Algemeen minimumuurloon dit jaar SRD 6.14

Het algemeen minimumuurloon is per 1 januari 2017 vastgesteld op SRD 6,14. Dit bedrag was al vastgesteld bij de inwerkingtreding van de wet Minimumuurloon op 1 januari 2015. Het afgelopen jaar bedroeg het algemeen minimumuurloon SRD 5,22. Ook voor de sectoren die genoemd zijn in de Wet Minimum Uurloon (WMU) zijn er voor dit jaar hogere minimumuurlonen vastgesteld. Zo geldt het minimumuurloon voor winkelbedrijven nu SRD 7,37. Voor horeca- en bewakingsbedrijven is het minimumuurloon vastgesteld op SRD 8,60. Echter geldt voor de sectoren winkelbedrijven en horecabedrijven een uitzonderingsregeling. Deze regeling komt erop neer dat buurtwinkels het algemeen minimumuurloon mogen toepassen in plaats van het sectoraal minimumuurloon. Onder buurtwinkels wordt verstaan winkels die voornamelijk levensmiddelen verkopen en minder dan 4 personeelsleden in dienst hebben.
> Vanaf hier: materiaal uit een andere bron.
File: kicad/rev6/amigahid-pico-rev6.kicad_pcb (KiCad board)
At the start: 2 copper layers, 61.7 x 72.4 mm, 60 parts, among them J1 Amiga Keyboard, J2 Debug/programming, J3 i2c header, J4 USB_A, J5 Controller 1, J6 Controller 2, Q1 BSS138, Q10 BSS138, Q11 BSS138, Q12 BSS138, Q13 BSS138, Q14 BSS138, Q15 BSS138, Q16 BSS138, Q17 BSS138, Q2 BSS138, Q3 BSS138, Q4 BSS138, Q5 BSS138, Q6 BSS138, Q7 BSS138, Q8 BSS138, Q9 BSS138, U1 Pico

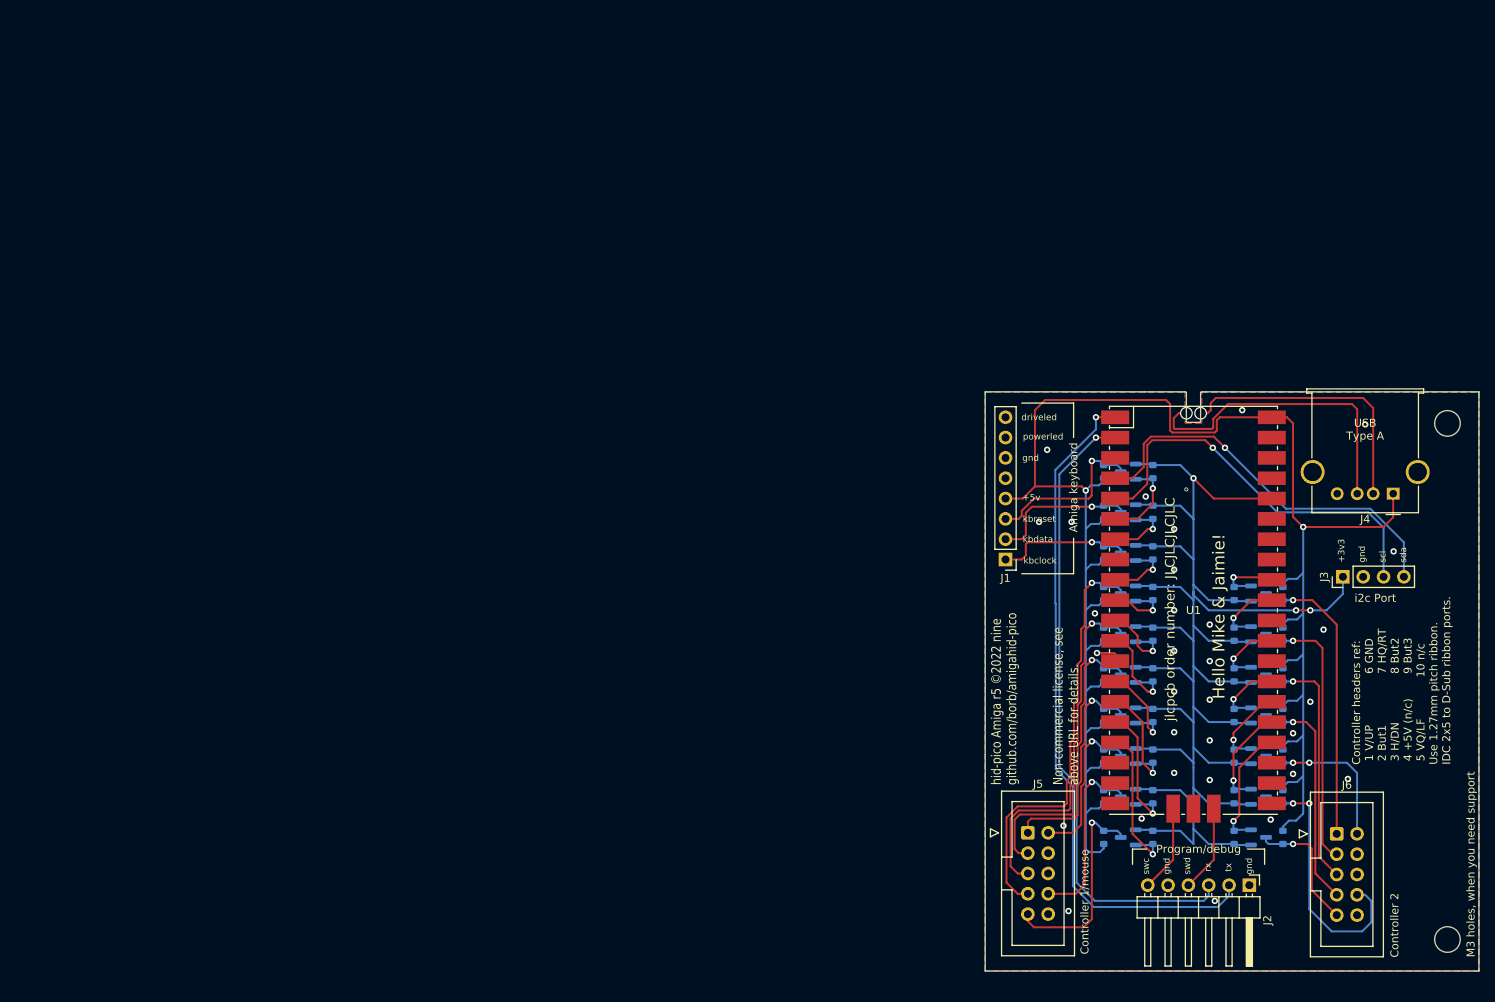
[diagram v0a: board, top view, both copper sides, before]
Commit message: kicad: rev6 board bootstrap - placement, outline, keepout
replace the copied rev5 board with a fresh rev6 layout built from the
rev6 schematic netlist. all 115 footprints placed with refdes, value,
LCSC/MPN fields and net-assigned pads; no tracks or pours yet.

100 x 80 mm, 2 layers, 3 mm rounded corners, 4x M3 NPTH at ~4 mm
corner offsets cut into Edge.Cuts.

  north  J9 DIN5-OUT / J10 mDIN6-OUT, gap, J11 DIN5-IN / J12 mDIN6-IN,
         20 mm between connector centres, mating faces flush north;
         J1 and J8 1x8 headers inboard of their groups
  south  P1 and P2 DE9 male, centres 24.0 and 76.6 mm (52.6 apart),
         hoods overhanging; J4 USB-A between them
  west   U1 antenna end flush with the edge; the west edge is the only
         free long edge that leaves the module's micro-usb pointing at
         open board, and it puts the kbd-out gpios (gp4-6) opposite the
         OUT connector group
  east   J13 USB-C aux 5V, D2, cc pulldowns - away from the antenna

U1 sits on top, rotated 270, with a >=15 mm corridor east of the
micro-usb clear of top-side parts for the flashing cable. board-level
rule area (F.Cu + B.Cu) over the antenna end, 11 x 15.8 mm, forbids
tracks, vias, pads and copper pour; footprints stay allowed there
because U1's own courtyard covers its antenna - the module's embedded
"antenna copper keep out" already rejects foreign footprints and pads.

19 BSS138 + 38 10k on the bottom in three regular grids: keyboard-out
north of the module, controller port 1 between the module's pad rows
(dodging the mid-board swd pads and the usb-tap slot), keyboard-in and
controller port 2 east of it. ESD clamps in rows under the connectors
they protect. F1/D1 at the AMIGA_5V entry, F3 and KBIN_5V decoupling by
J8, F2/C4/C5/U2 under J4, bulk C1 central on SYS5V.

silkscreen: TO AMIGA / FROM KEYBOARD over the two connector groups with
the one-amiga-at-a-time warning, module ANTENNA END / PIN 1 / USB
markers, port and led labels, the rev5 credit and non-comme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
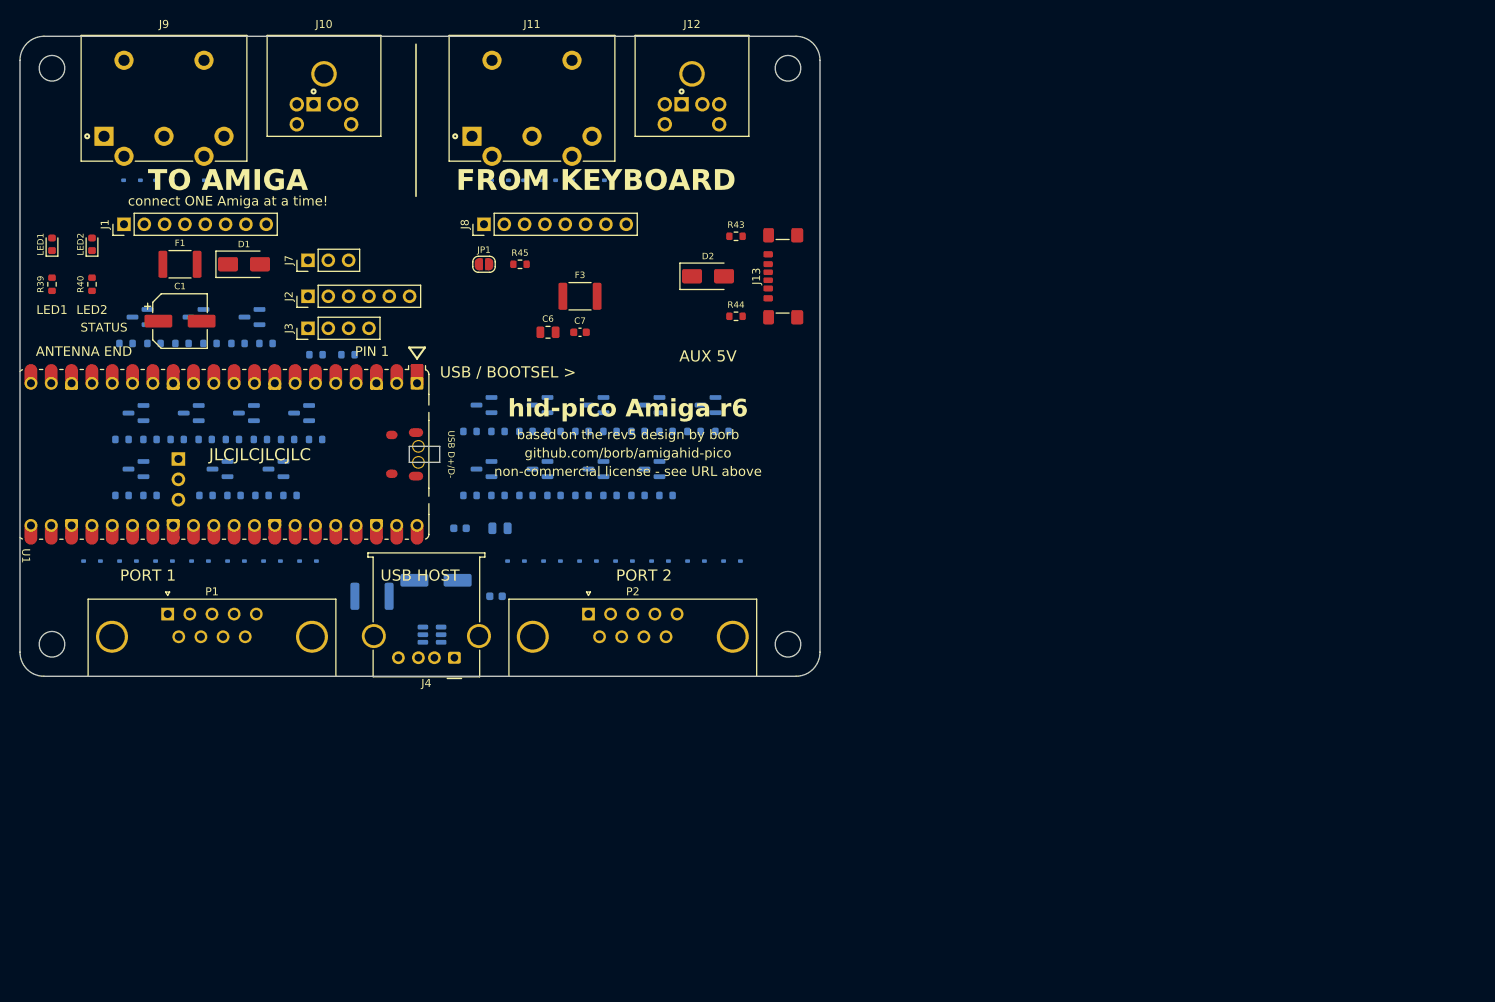
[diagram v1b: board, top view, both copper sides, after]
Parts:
- removed J5: Controller 1, Connector_IDC:IDC-Header_2x05_P2.54mm_Vertical
- removed J6: Controller 2, Connector_IDC:IDC-Header_2x05_P2.54mm_Vertical
- removed REF01, REF02: MountingHole_3.2mm_M3, MountingHole:MountingHole_3.2mm_M3
- removed locked: R1002, Resistor_SMD:R_0603_1608Metric
- added C1: 220uF, Capacitor_SMD:CP_Elec_6.3x7.7, F.Cu at (20.0, 35.6)
- added C2: 10uF, Capacitor_SMD:C_0805_2012Metric, B.Cu at (60.0, 61.5)
- added C3: 100nF, Capacitor_SMD:C_0603_1608Metric, B.Cu at (55.0, 61.5)
- added C4: 150uF, Capacitor_SMD:CP_Elec_6.3x7.7, B.Cu at (52.0, 68.0)
- added C5: 100nF, Capacitor_SMD:C_0603_1608Metric, B.Cu at (59.5, 70.0)
- added C6: 10uF, Capacitor_SMD:C_0805_2012Metric, F.Cu at (66.0, 37.0)
- added C7: 100nF, Capacitor_SMD:C_0603_1608Metric, F.Cu at (70.0, 37.0)
- added D1: SS34, Diode_SMD:D_SMA, F.Cu at (28.0, 28.5)
- added D10: PESD5V0S1BA, Diode_SMD:D_SOD-323, B.Cu at (14.0, 18.0)
- added D11: PESD5V0S1BA, Diode_SMD:D_SOD-323, B.Cu at (18.0, 18.0)
- added D12: PESD5V0S1BA, Diode_SMD:D_SOD-323, B.Cu at (22.0, 18.0)
- added D13: PESD5V0S1BA, Diode_SMD:D_SOD-323, B.Cu at (9.00, 65.6)
- added D14: PESD5V0S1BA, Diode_SMD:D_SOD-323, B.Cu at (13.5, 65.6)
- added D15: PESD5V0S1BA, Diode_SMD:D_SOD-323, B.Cu at (18.0, 65.6)
- added D16: PESD5V0S1BA, Diode_SMD:D_SOD-323, B.Cu at (22.5, 65.6)
- added D17: PESD5V0S1BA, Diode_SMD:D_SOD-323, B.Cu at (27.0, 65.6)
- added D18: PESD5V0S1BA, Diode_SMD:D_SOD-323, B.Cu at (31.5, 65.6)
- added D19: PESD5V0S1BA, Diode_SMD:D_SOD-323, B.Cu at (36.0, 65.6)
- added D2: SS34, Diode_SMD:D_SMA, F.Cu at (86.0, 30.0)
- added D20: PESD5V0S1BA, Diode_SMD:D_SOD-323, B.Cu at (60.0, 18.0)
- added D21: PESD5V0S1BA, Diode_SMD:D_SOD-323, B.Cu at (64.0, 18.0)
- added D22: PESD5V0S1BA, Diode_SMD:D_SOD-323, B.Cu at (62.0, 65.6)
- added D23: PESD5V0S1BA, Diode_SMD:D_SOD-323, B.Cu at (66.5, 65.6)
- added D24: PESD5V0S1BA, Diode_SMD:D_SOD-323, B.Cu at (71.0, 65.6)
- added D25: PESD5V0S1BA, Diode_SMD:D_SOD-323, B.Cu at (75.5, 65.6)
- added D26: PESD5V0S1BA, Diode_SMD:D_SOD-323, B.Cu at (80.0, 65.6)
- added D27: PESD5V0S1BA, Diode_SMD:D_SOD-323, B.Cu at (84.5, 65.6)
- added D28: PESD5V0S1BA, Diode_SMD:D_SOD-323, B.Cu at (89.0, 65.6)
- added D29: PESD5V0S1BA, Diode_SMD:D_SOD-323, B.Cu at (68.0, 18.0)
- added D30: PESD5V0S1BA, Diode_SMD:D_SOD-323, B.Cu at (72.0, 18.0)
- added F1: 750mA, Fuse:Fuse_1812_4532Metric, F.Cu at (20.0, 28.5)
- added F2: 500mA, Fuse:Fuse_1812_4532Metric, B.Cu at (44.0, 70.0)
- added F3: 500mA, Fuse:Fuse_1812_4532Metric, F.Cu at (70.0, 32.5)
- added J10: PS/2 KBD OUT, rev6:MiniDIN6_PS2_Socket_CUI_MD-60S, F.Cu at (38.0, 0.00)
- added J11: DIN5 KBD IN, rev6:DIN5_180deg_Socket_Kycon_KCDX-5S-N, F.Cu at (64.0, 0.00)
- added J12: PS/2 KBD IN, rev6:MiniDIN6_PS2_Socket_CUI_MD-60S, F.Cu at (84.0, 0.00)
- added J13: USB-C AUX 5V, Connector_USB:USB_C_Receptacle_GCT_USB4135-GF-A_6P_TopMnt_Horizontal, F.Cu at (96.5, 30.0)
- added J7: SPARE GP28, Connector_PinHeader_2.54mm:PinHeader_1x03_P2.54mm_Vertical, F.Cu at (36.0, 28.0)
- added J8: A500 KBD IN, Connector_PinHeader_2.54mm:PinHeader_1x08_P2.54mm_Vertical, F.Cu at (58.0, 23.5)
- added J9: DIN5 KBD OUT, rev6:DIN5_180deg_Socket_Kycon_KCDX-5S-N, F.Cu at (18.0, 0.00)
- added JP1: KBIN PWRLED, Jumper:SolderJumper-2_P1.3mm_Open_RoundedPad1.0x1.5mm, F.Cu at (58.0, 28.5)
- added LED1: red, LED_SMD:LED_0603_1608Metric, F.Cu at (4.00, 26.0)
- added LED2: yellow-green, LED_SMD:LED_0603_1608Metric, F.Cu at (9.00, 26.0)
- added P1: DE9 MALE PORT 1, Connector_Dsub:DSUB-9_Pins_Horizontal_P2.77x2.84mm_EdgePinOffset4.94mm_Housed_MountingHolesOffset4.94mm, F.Cu at (18.5, 72.2)
- added P2: DE9 MALE PORT 2, Connector_Dsub:DSUB-9_Pins_Horizontal_P2.77x2.84mm_EdgePinOffset4.94mm_Housed_MountingHolesOffset4.94mm, F.Cu at (71.1, 72.2)
- added Q18: BSS138, Package_TO_SOT_SMD:SOT-23, B.Cu at (72.0, 54.1)
- added Q19: BSS138, Package_TO_SOT_SMD:SOT-23, B.Cu at (79.0, 54.1)
- added R15: 10k, Resistor_SMD:R_0603_1608Metric, B.Cu at (12.8, 57.4)
- added R35: 10k, Resistor_SMD:R_0603_1608Metric, B.Cu at (70.2, 57.4)
- added R36: 10k, Resistor_SMD:R_0603_1608Metric, B.Cu at (73.8, 57.4)
- added R37: 10k, Resistor_SMD:R_0603_1608Metric, B.Cu at (77.2, 57.4)
- added R38: 10k, Resistor_SMD:R_0603_1608Metric, B.Cu at (80.8, 57.4)
- added R39: 1k, Resistor_SMD:R_0603_1608Metric, F.Cu at (4.00, 31.0)
- added R40: 1k, Resistor_SMD:R_0603_1608Metric, F.Cu at (9.00, 31.0)
- added R41: 4.7k, Resistor_SMD:R_0603_1608Metric, B.Cu at (37.0, 39.8)
- added R42: 4.7k, Resistor_SMD:R_0603_1608Metric, B.Cu at (41.0, 39.8)
- added R43: 5.1k, Resistor_SMD:R_0603_1608Metric, F.Cu at (89.5, 25.0)
- added R44: 5.1k, Resistor_SMD:R_0603_1608Metric, F.Cu at (89.5, 35.0)
- added R45: 470, Resistor_SMD:R_0603_1608Metric, F.Cu at (62.5, 28.5)
- added U2: USBLC6-2SC6, Package_TO_SOT_SMD:SOT-23-6, B.Cu at (51.5, 74.8)
- J1: value Amiga Keyboard -> A500 KBD OUT
- J2: value Debug/programming -> DEBUG UART+SWD; footprint Connector_PinHeader_2.54mm:PinHeader_1x06_P2.54mm_Horizontal -> Connector_PinHeader_2.54mm:PinHeader_1x06_P2.54mm_Vertical
- J3: value i2c header -> OLED I2C
- J4: value USB_A -> USB-A HOST
- R1, R10, R11, R12, R13, R14, R16, R17, R18, R19, R2, R20, R21, R22, R23, R24, R25, R26, R27, R28, R29, R3, R30, R31, R32, R33, R34, R4, R5, R6, R7, R8, R9: value R1002 -> 10k
- U1: value Pico -> PicoW; footprint MCU_RaspberryPi_and_Boards:RPi_Pico_SMD_TH -> rev6:RPi_PicoW_SMD_TH
- moved J2 138.8 mm to (36.0, 32.5), turned to 90 degrees
- moved J3 133.0 mm to (36.0, 36.5)
- moved R16 129.5 mm to (16.2, 57.4), turned to 180 degrees
- moved Q8 129.1 mm to (14.5, 54.1)
- moved R8 126.8 mm to (16.2, 50.4), turned to 180 degrees
- moved Q4 126.1 mm to (14.5, 47.1)
- moved R6 125.9 mm to (16.8, 38.4), turned to 180 degrees
- moved Q3 125.0 mm to (15.0, 35.1)
- moved R7 124.2 mm to (12.8, 50.4), turned to 180 degrees
- moved R5 123.3 mm to (13.2, 38.4), turned to 180 degrees
- moved U1 122.7 mm to (25.5, 52.3), turned to -90 degrees
- moved R10 120.9 mm to (23.1, 50.4), turned to 180 degrees
- moved R18 120.9 mm to (26.8, 57.4), turned to 180 degrees
- moved Q9 120.7 mm to (25.0, 54.1)
- moved Q5 120.3 mm to (21.4, 47.1)
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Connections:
- net /i2c scl renamed /i2c_scl
- net /i2c sda renamed /i2c_sda
- net /uart rx renamed /uart_rx
- net /uart tx renamed /uart_tx
- J1 pad 4: +5V -> /AMIGA_5V
- J1 pad 5: unconnected-(J1-Pad5) -> (no net)
- J1 pad 7: /kbpowerled -> /kb_pwrled
- J1 pad 8: /kbdriveled -> /kb_drvled
- J4 pad 1: +5V -> /USBA_5V
- J4 pad 2: /usb d- -> /usb_dm
- J4 pad 3: /usb d+ -> /usb_dp
- Q1 pad 2: /lkbclock -> /kbreset_lo
- Q1 pad 3: /kbclock -> /kbreset
- Q10 pad 2: /lcont1 b3 -> /cont1_b3_lo
- Q10 pad 3: /cont1 b3 -> /cont1_b3
- Q11 pad 2: /lcont2 v -> /kbin_clk_lo
- Q11 pad 3: /cont2 v -> /kbin_clk
- Q12 pad 2: /lcont2 h -> /kbin_dat_lo
- Q12 pad 3: /cont2 h -> /kbin_dat
- Q13 pad 2: /lcont2 vq -> /cont2_b3_lo
- Q13 pad 3: /cont2 vq -> /cont2_b3
- Q14 pad 2: /lcont2 hq -> /cont2_b2_lo
- Q14 pad 3: /cont2 hq -> /cont2_b2
- Q15 pad 2: /lcont2 b1 -> /cont2_b1_lo
- Q15 pad 3: /cont2 b1 -> /cont2_b1
- Q16 pad 2: /lcont2 b2 -> /cont2_hq_lo
- Q16 pad 3: /cont2 b2 -> /cont2_hq
- Q17 pad 2: /lcont2 b3 -> /cont2_vq_lo
- Q17 pad 3: /cont2 b3 -> /cont2_vq
- Q2 pad 2: /lkbdata -> /kbdata_lo
- Q3 pad 2: /lkbreset -> /kbclock_lo
- Q3 pad 3: /kbreset -> /kbclock
- Q4 pad 2: /lcont1 hq -> /cont1_hq_lo
- Q4 pad 3: /cont1 hq -> /cont1_hq
- Q5 pad 2: /lcont1 vq -> /cont1_vq_lo
- Q5 pad 3: /cont1 vq -> /cont1_vq
- Q6 pad 2: /lcont1 h -> /cont1_h_lo
- Q6 pad 3: /cont1 h -> /cont1_h
- Q7 pad 2: /lcont1 v -> /cont1_v_lo
- Q7 pad 3: /cont1 v -> /cont1_v
- Q8 pad 2: /lcont1 b1 -> /cont1_b1_lo
- Q8 pad 3: /cont1 b1 -> /cont1_b1
- Q9 pad 2: /lcont1 b2 -> /cont1_b2_lo
- Q9 pad 3: /cont1 b2 -> /cont1_b2
- R1 pad 1: /kbclock -> +3V3
- R1 pad 2: +5V -> /kbreset_lo
- R10 pad 1: /lcont1 vq -> /SYS5V
- R10 pad 2: +3V3 -> /cont1_vq
- R11 pad 1: /cont1 h -> +3V3
- R11 pad 2: +5V -> /cont1_h_lo
- R12 pad 1: /lcont1 h -> /SYS5V
- R12 pad 2: +3V3 -> /cont1_h
- R13 pad 1: /cont1 v -> +3V3
- R13 pad 2: +5V -> /cont1_v_lo
- R14 pad 1: /lcont1 v -> /SYS5V
- R14 pad 2: +3V3 -> /cont1_v
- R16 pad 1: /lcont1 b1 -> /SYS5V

Ook kleine horecabedrijven die minder dan 13 werknemers in dienst hebben mogen het algemeen minimumuurloon toepassen in plaats van het sectoraal minimumuurloon. Deze uitzondering geldt niet voor bewakingsbedrijven. Die moeten minimaal SRD 8,60 per uur uitbetalen aan het personeel, ongeacht hoeveel personen het bedrijf in dienst heeft. Het sectoraal minimumuurloon is altijd hoger vastgesteld dan het algemeen minimumuurloon.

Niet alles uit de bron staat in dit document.